Scan the data below and copy each line where "lambda" occurs.

Dataset records:
++++++++

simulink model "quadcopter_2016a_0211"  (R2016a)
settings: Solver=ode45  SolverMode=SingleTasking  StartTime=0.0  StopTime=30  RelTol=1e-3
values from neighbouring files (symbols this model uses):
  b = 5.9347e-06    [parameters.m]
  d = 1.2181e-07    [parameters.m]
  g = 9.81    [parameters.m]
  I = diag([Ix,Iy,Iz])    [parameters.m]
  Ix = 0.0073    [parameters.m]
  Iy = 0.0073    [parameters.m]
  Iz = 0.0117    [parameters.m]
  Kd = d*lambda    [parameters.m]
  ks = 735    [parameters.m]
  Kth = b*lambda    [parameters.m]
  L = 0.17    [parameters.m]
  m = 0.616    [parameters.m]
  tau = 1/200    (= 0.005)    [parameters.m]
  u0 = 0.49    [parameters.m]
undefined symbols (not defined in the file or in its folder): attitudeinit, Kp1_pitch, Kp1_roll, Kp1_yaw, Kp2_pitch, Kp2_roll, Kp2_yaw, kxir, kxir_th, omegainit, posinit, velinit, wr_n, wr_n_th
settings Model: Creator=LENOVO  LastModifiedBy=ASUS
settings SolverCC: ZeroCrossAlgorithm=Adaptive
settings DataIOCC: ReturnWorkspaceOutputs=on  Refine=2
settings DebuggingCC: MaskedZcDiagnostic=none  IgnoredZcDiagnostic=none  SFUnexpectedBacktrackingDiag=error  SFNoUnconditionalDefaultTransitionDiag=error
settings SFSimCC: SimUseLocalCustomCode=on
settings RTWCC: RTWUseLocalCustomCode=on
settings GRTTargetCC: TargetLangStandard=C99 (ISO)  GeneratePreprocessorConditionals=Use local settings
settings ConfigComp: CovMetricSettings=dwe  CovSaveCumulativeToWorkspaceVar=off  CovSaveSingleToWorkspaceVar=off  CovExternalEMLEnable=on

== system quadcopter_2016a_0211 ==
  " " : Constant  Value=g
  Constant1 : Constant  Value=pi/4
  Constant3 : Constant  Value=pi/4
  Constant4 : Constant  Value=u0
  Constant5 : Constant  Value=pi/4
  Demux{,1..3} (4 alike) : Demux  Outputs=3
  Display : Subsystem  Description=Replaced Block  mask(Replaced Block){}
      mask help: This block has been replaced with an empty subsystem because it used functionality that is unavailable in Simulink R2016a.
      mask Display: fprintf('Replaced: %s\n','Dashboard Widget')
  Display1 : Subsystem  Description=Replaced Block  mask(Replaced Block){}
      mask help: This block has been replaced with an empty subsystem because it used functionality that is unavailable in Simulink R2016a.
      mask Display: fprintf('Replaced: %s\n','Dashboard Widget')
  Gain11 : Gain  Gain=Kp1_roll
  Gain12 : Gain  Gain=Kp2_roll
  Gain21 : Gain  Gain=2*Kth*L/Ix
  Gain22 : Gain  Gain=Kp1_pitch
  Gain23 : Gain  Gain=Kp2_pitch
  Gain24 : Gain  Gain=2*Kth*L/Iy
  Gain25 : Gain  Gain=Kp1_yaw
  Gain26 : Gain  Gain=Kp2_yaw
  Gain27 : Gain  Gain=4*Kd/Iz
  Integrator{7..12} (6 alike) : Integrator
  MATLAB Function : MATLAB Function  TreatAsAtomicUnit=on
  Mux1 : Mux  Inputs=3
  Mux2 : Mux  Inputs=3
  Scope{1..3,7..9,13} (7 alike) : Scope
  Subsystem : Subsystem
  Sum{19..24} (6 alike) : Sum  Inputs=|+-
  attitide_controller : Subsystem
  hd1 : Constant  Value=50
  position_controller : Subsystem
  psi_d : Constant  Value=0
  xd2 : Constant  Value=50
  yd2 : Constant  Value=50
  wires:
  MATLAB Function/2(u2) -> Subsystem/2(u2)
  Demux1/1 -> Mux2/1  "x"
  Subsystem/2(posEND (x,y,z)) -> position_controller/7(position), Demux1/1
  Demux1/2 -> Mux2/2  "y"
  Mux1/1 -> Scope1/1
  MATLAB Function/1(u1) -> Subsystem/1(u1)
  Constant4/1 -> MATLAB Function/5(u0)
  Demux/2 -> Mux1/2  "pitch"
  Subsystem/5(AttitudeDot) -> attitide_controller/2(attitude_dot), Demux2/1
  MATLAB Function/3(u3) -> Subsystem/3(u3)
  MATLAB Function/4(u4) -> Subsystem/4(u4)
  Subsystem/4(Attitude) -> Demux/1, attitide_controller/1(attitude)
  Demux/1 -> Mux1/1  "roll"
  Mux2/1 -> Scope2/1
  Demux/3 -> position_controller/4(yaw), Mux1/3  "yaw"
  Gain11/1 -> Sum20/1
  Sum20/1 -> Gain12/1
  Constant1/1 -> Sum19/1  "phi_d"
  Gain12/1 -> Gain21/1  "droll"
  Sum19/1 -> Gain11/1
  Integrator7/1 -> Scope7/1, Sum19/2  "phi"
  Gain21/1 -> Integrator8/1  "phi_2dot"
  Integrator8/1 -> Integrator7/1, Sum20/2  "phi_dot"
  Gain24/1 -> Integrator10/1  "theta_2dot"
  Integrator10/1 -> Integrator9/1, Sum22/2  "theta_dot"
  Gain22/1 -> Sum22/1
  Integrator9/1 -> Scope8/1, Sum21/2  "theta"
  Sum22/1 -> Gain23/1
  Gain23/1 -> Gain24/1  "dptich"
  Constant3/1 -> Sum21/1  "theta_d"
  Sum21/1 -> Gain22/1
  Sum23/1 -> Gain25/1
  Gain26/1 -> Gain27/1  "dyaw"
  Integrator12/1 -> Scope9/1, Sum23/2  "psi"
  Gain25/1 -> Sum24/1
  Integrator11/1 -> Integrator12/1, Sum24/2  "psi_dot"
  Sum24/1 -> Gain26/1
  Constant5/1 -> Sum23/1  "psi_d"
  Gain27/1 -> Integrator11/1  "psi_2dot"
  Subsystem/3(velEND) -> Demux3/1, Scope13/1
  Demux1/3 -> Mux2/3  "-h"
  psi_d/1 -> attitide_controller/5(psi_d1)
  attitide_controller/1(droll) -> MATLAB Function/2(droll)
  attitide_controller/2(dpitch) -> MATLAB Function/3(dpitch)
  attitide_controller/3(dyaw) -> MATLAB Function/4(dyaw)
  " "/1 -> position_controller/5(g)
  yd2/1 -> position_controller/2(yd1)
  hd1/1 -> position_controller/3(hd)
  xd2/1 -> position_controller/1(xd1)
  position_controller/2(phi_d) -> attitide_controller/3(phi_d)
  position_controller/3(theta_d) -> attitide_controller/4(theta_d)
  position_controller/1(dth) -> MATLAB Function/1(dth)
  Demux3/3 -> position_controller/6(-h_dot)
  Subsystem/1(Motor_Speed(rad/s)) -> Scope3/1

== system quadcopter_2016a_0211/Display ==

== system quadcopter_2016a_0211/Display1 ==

++++++++

Expected output:
  Kd = d*lambda    [parameters.m]
  Kth = b*lambda    [parameters.m]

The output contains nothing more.